WHAT NEEDS TO BE DONE →
The required output is the lines below from the line containing "#16499 = AXIS2_PLACEMENT_3D" to the line containing "#31011 = ORIENTED_EDGE", inclusive, retyped exactly. No other lines belong in it.

==============================

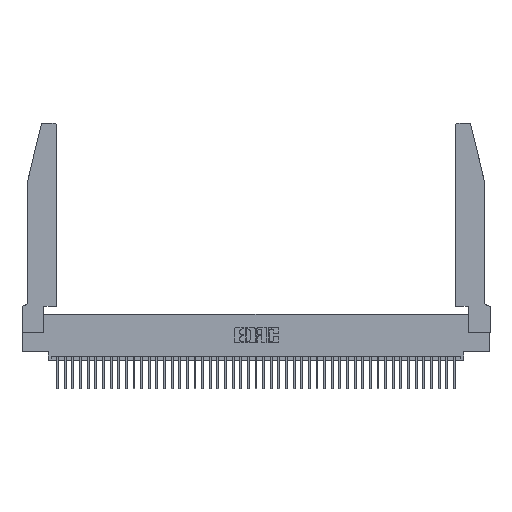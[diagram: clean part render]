
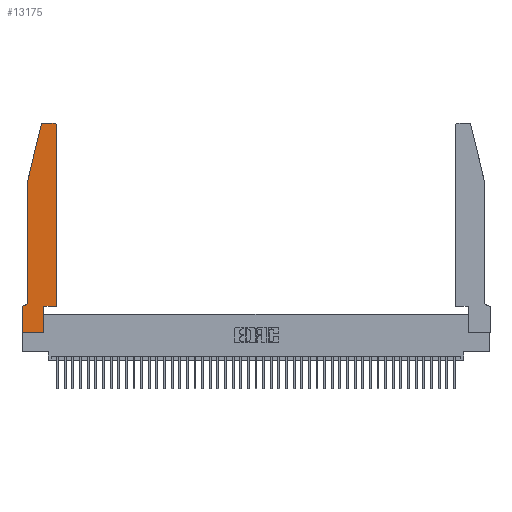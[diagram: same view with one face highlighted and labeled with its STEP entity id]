
A CAD part, top view. The second image highlights one B-rep face of the part: STEP entity #13175.
In plain terms, the highlighted planar face has unit normal (0, 0, 1).
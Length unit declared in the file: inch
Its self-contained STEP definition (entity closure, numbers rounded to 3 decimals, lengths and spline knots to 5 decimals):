
#251 = ORIENTED_EDGE ( 'NONE', *, *, #38963, .T. ) ;
#3076 = DIRECTION ( 'NONE',  ( 0., 0., 1. ) ) ;
#3356 = VERTEX_POINT ( 'NONE', #17518 ) ;
#3813 = PLANE ( 'NONE',  #16499 ) ;
#4557 = LINE ( 'NONE', #16212, #12791 ) ;
#4780 = CIRCLE ( 'NONE', #7765, 0.03 ) ;
#4909 = CARTESIAN_POINT ( 'NONE',  ( 0.4505, 2.72, 0.37 ) ) ;
#5376 = VECTOR ( 'NONE', #18495, 39.37008 ) ;
#6215 = CARTESIAN_POINT ( 'NONE',  ( 0.4505, 0.35, 0.37 ) ) ;
#7765 = AXIS2_PLACEMENT_3D ( 'NONE', #33315, #12450, #36754 ) ;
#7894 = CARTESIAN_POINT ( 'NONE',  ( 0.2605, 2.75, 0.37 ) ) ;
#8120 = ORIENTED_EDGE ( 'NONE', *, *, #43828, .T. ) ;
#8659 = CARTESIAN_POINT ( 'NONE',  ( 0.0755, 2., 0.37 ) ) ;
#9702 = LINE ( 'NONE', #42821, #27170 ) ;
#10246 = VERTEX_POINT ( 'NONE', #42971 ) ;
#10572 = VERTEX_POINT ( 'NONE', #30844 ) ;
#10953 = ORIENTED_EDGE ( 'NONE', *, *, #42134, .T. ) ;
#10974 = ORIENTED_EDGE ( 'NONE', *, *, #44422, .T. ) ;
#11535 = VERTEX_POINT ( 'NONE', #32561 ) ;
#11665 = CARTESIAN_POINT ( 'NONE',  ( 0.4505, 0.35, 0.37 ) ) ;
#12088 = CIRCLE ( 'NONE', #27386, 0.03 ) ;
#12450 = DIRECTION ( 'NONE',  ( 0., 0., 1. ) ) ;
#12548 = LINE ( 'NONE', #25745, #31131 ) ;
#12791 = VECTOR ( 'NONE', #19592, 39.37008 ) ;
#12799 = ORIENTED_EDGE ( 'NONE', *, *, #16868, .T. ) ;
#13130 = VERTEX_POINT ( 'NONE', #28120 ) ;
#13175 = ADVANCED_FACE ( 'NONE', ( #38433 ), #3813, .T. ) ;
#13359 = DIRECTION ( 'NONE',  ( 0., 0., -1. ) ) ;
#13789 = CARTESIAN_POINT ( 'NONE',  ( 0.4205, 2.75, 0.37 ) ) ;
#14046 = LINE ( 'NONE', #11665, #31495 ) ;
#14401 = DIRECTION ( 'NONE',  ( 1., 0., 0. ) ) ;
#14571 = CARTESIAN_POINT ( 'NONE',  ( 0.2865, 0.35, 0.37 ) ) ;
#15012 = VERTEX_POINT ( 'NONE', #13789 ) ;
#15250 = LINE ( 'NONE', #15721, #42810 ) ;
#15378 = DIRECTION ( 'NONE',  ( 0., 1., 0. ) ) ;
#15721 = CARTESIAN_POINT ( 'NONE',  ( 0.4505, 0.35, 0.37 ) ) ;
#16067 = VECTOR ( 'NONE', #43729, 39.37008 ) ;
#16111 = DIRECTION ( 'NONE',  ( 0., 1., 0. ) ) ;
#16212 = CARTESIAN_POINT ( 'NONE',  ( 0.0755, 2., 0.37 ) ) ;
#16499 = AXIS2_PLACEMENT_3D ( 'NONE', #31771, #35210, #14401 ) ;
#16697 = EDGE_CURVE ( 'NONE', #10572, #23530, #4780, .T. ) ;
#16868 = EDGE_CURVE ( 'NONE', #13130, #11535, #43335, .T. ) ;
#17114 = ORIENTED_EDGE ( 'NONE', *, *, #40269, .T. ) ;
#17418 = EDGE_CURVE ( 'NONE', #10246, #20919, #23914, .T. ) ;
#17518 = CARTESIAN_POINT ( 'NONE',  ( 0., 0., 0.37 ) ) ;
#18483 = VERTEX_POINT ( 'NONE', #4909 ) ;
#18495 = DIRECTION ( 'NONE',  ( -1., 0., 0. ) ) ;
#19592 = DIRECTION ( 'NONE',  ( -0.239, -0.971, 0. ) ) ;
#19861 = EDGE_CURVE ( 'NONE', #30411, #13130, #24847, .T. ) ;
#20122 = EDGE_LOOP ( 'NONE', ( #31011, #20875, #17114, #22061, #12799, #10974, #38719, #32758, #21205, #8120, #251, #10953 ) ) ;
#20875 = ORIENTED_EDGE ( 'NONE', *, *, #16697, .T. ) ;
#20919 = VERTEX_POINT ( 'NONE', #14571 ) ;
#21205 = ORIENTED_EDGE ( 'NONE', *, *, #17418, .T. ) ;
#22061 = ORIENTED_EDGE ( 'NONE', *, *, #19861, .T. ) ;
#23530 = VERTEX_POINT ( 'NONE', #25542 ) ;
#23914 = LINE ( 'NONE', #43719, #32082 ) ;
#24056 = CARTESIAN_POINT ( 'NONE',  ( 0.4205, 2.72, 0.37 ) ) ;
#24847 = LINE ( 'NONE', #8659, #42063 ) ;
#25292 = EDGE_CURVE ( 'NONE', #3356, #10246, #26380, .T. ) ;
#25542 = CARTESIAN_POINT ( 'NONE',  ( 0.25487, 2.72718, 0.37 ) ) ;
#25599 = CARTESIAN_POINT ( 'NONE',  ( 0., 0.35, 0.37 ) ) ;
#25658 = DIRECTION ( 'NONE',  ( -1., 0., 0. ) ) ;
#25745 = CARTESIAN_POINT ( 'NONE',  ( 0., 0., 0.37 ) ) ;
#26179 = DIRECTION ( 'NONE',  ( 1., 0., 0. ) ) ;
#26290 = CARTESIAN_POINT ( 'NONE',  ( 0.0755, 2., 0.37 ) ) ;
#26380 = LINE ( 'NONE', #26591, #16067 ) ;
#26591 = CARTESIAN_POINT ( 'NONE',  ( 0., 0., 0.37 ) ) ;
#27170 = VECTOR ( 'NONE', #25658, 39.37008 ) ;
#27317 = VERTEX_POINT ( 'NONE', #6215 ) ;
#27386 = AXIS2_PLACEMENT_3D ( 'NONE', #24056, #3076, #27525 ) ;
#27525 = DIRECTION ( 'NONE',  ( 1., 0., 0. ) ) ;
#28120 = CARTESIAN_POINT ( 'NONE',  ( 0.0755, 0.42, 0.37 ) ) ;
#29277 = DIRECTION ( 'NONE',  ( 0., -1., 0. ) ) ;
#29565 = DIRECTION ( 'NONE',  ( 0., -1., 0. ) ) ;
#30411 = VERTEX_POINT ( 'NONE', #26290 ) ;
#30844 = CARTESIAN_POINT ( 'NONE',  ( 0.284, 2.75, 0.37 ) ) ;
#31011 = ORIENTED_EDGE ( 'NONE', *, *, #43664, .T. ) ;
#31131 = VECTOR ( 'NONE', #29277, 39.37008 ) ;
#31164 = AXIS2_PLACEMENT_3D ( 'NONE', #34197, #13359, #37628 ) ;
#31495 = VECTOR ( 'NONE', #15378, 39.37008 ) ;
#31771 = CARTESIAN_POINT ( 'NONE',  ( 0., 0.35, 0.37 ) ) ;
#32082 = VECTOR ( 'NONE', #16111, 39.37008 ) ;
#32561 = CARTESIAN_POINT ( 'NONE',  ( 0.0055, 0.35, 0.37 ) ) ;
#32758 = ORIENTED_EDGE ( 'NONE', *, *, #25292, .T. ) ;
#33315 = CARTESIAN_POINT ( 'NONE',  ( 0.284, 2.72, 0.37 ) ) ;
#34197 = CARTESIAN_POINT ( 'NONE',  ( 0.0055, 0.42, 0.37 ) ) ;
#35210 = DIRECTION ( 'NONE',  ( 0., 0., 1. ) ) ;
#36252 = VERTEX_POINT ( 'NONE', #25599 ) ;
#36261 = EDGE_CURVE ( 'NONE', #36252, #3356, #12548, .T. ) ;
#36754 = DIRECTION ( 'NONE',  ( 1., 0., 0. ) ) ;
#37628 = DIRECTION ( 'NONE',  ( -1., 0., 0. ) ) ;
#38433 = FACE_OUTER_BOUND ( 'NONE', #20122, .T. ) ;
#38719 = ORIENTED_EDGE ( 'NONE', *, *, #36261, .T. ) ;
#38963 = EDGE_CURVE ( 'NONE', #27317, #18483, #14046, .T. ) ;
#40269 = EDGE_CURVE ( 'NONE', #23530, #30411, #4557, .T. ) ;
#42063 = VECTOR ( 'NONE', #29565, 39.37008 ) ;
#42134 = EDGE_CURVE ( 'NONE', #18483, #15012, #12088, .T. ) ;
#42315 = LINE ( 'NONE', #7894, #5376 ) ;
#42810 = VECTOR ( 'NONE', #26179, 39.37008 ) ;
#42821 = CARTESIAN_POINT ( 'NONE',  ( 0.0755, 0.35, 0.37 ) ) ;
#42971 = CARTESIAN_POINT ( 'NONE',  ( 0.2865, 0., 0.37 ) ) ;
#43335 = CIRCLE ( 'NONE', #31164, 0.07 ) ;
#43664 = EDGE_CURVE ( 'NONE', #15012, #10572, #42315, .T. ) ;
#43719 = CARTESIAN_POINT ( 'NONE',  ( 0.2865, 0.35, 0.37 ) ) ;
#43729 = DIRECTION ( 'NONE',  ( 1., 0., 0. ) ) ;
#43828 = EDGE_CURVE ( 'NONE', #20919, #27317, #15250, .T. ) ;
#44422 = EDGE_CURVE ( 'NONE', #11535, #36252, #9702, .T. ) ;

==============================

ANSWER TO THE PROBLEM →
#16499 = AXIS2_PLACEMENT_3D ( 'NONE', #31771, #35210, #14401 ) ;
#16697 = EDGE_CURVE ( 'NONE', #10572, #23530, #4780, .T. ) ;
#16868 = EDGE_CURVE ( 'NONE', #13130, #11535, #43335, .T. ) ;
#17114 = ORIENTED_EDGE ( 'NONE', *, *, #40269, .T. ) ;
#17418 = EDGE_CURVE ( 'NONE', #10246, #20919, #23914, .T. ) ;
#17518 = CARTESIAN_POINT ( 'NONE',  ( 0., 0., 0.37 ) ) ;
#18483 = VERTEX_POINT ( 'NONE', #4909 ) ;
#18495 = DIRECTION ( 'NONE',  ( -1., 0., 0. ) ) ;
#19592 = DIRECTION ( 'NONE',  ( -0.239, -0.971, 0. ) ) ;
#19861 = EDGE_CURVE ( 'NONE', #30411, #13130, #24847, .T. ) ;
#20122 = EDGE_LOOP ( 'NONE', ( #31011, #20875, #17114, #22061, #12799, #10974, #38719, #32758, #21205, #8120, #251, #10953 ) ) ;
#20875 = ORIENTED_EDGE ( 'NONE', *, *, #16697, .T. ) ;
#20919 = VERTEX_POINT ( 'NONE', #14571 ) ;
#21205 = ORIENTED_EDGE ( 'NONE', *, *, #17418, .T. ) ;
#22061 = ORIENTED_EDGE ( 'NONE', *, *, #19861, .T. ) ;
#23530 = VERTEX_POINT ( 'NONE', #25542 ) ;
#23914 = LINE ( 'NONE', #43719, #32082 ) ;
#24056 = CARTESIAN_POINT ( 'NONE',  ( 0.4205, 2.72, 0.37 ) ) ;
#24847 = LINE ( 'NONE', #8659, #42063 ) ;
#25292 = EDGE_CURVE ( 'NONE', #3356, #10246, #26380, .T. ) ;
#25542 = CARTESIAN_POINT ( 'NONE',  ( 0.25487, 2.72718, 0.37 ) ) ;
#25599 = CARTESIAN_POINT ( 'NONE',  ( 0., 0.35, 0.37 ) ) ;
#25658 = DIRECTION ( 'NONE',  ( -1., 0., 0. ) ) ;
#25745 = CARTESIAN_POINT ( 'NONE',  ( 0., 0., 0.37 ) ) ;
#26179 = DIRECTION ( 'NONE',  ( 1., 0., 0. ) ) ;
#26290 = CARTESIAN_POINT ( 'NONE',  ( 0.0755, 2., 0.37 ) ) ;
#26380 = LINE ( 'NONE', #26591, #16067 ) ;
#26591 = CARTESIAN_POINT ( 'NONE',  ( 0., 0., 0.37 ) ) ;
#27170 = VECTOR ( 'NONE', #25658, 39.37008 ) ;
#27317 = VERTEX_POINT ( 'NONE', #6215 ) ;
#27386 = AXIS2_PLACEMENT_3D ( 'NONE', #24056, #3076, #27525 ) ;
#27525 = DIRECTION ( 'NONE',  ( 1., 0., 0. ) ) ;
#28120 = CARTESIAN_POINT ( 'NONE',  ( 0.0755, 0.42, 0.37 ) ) ;
#29277 = DIRECTION ( 'NONE',  ( 0., -1., 0. ) ) ;
#29565 = DIRECTION ( 'NONE',  ( 0., -1., 0. ) ) ;
#30411 = VERTEX_POINT ( 'NONE', #26290 ) ;
#30844 = CARTESIAN_POINT ( 'NONE',  ( 0.284, 2.75, 0.37 ) ) ;
#31011 = ORIENTED_EDGE ( 'NONE', *, *, #43664, .T. ) ;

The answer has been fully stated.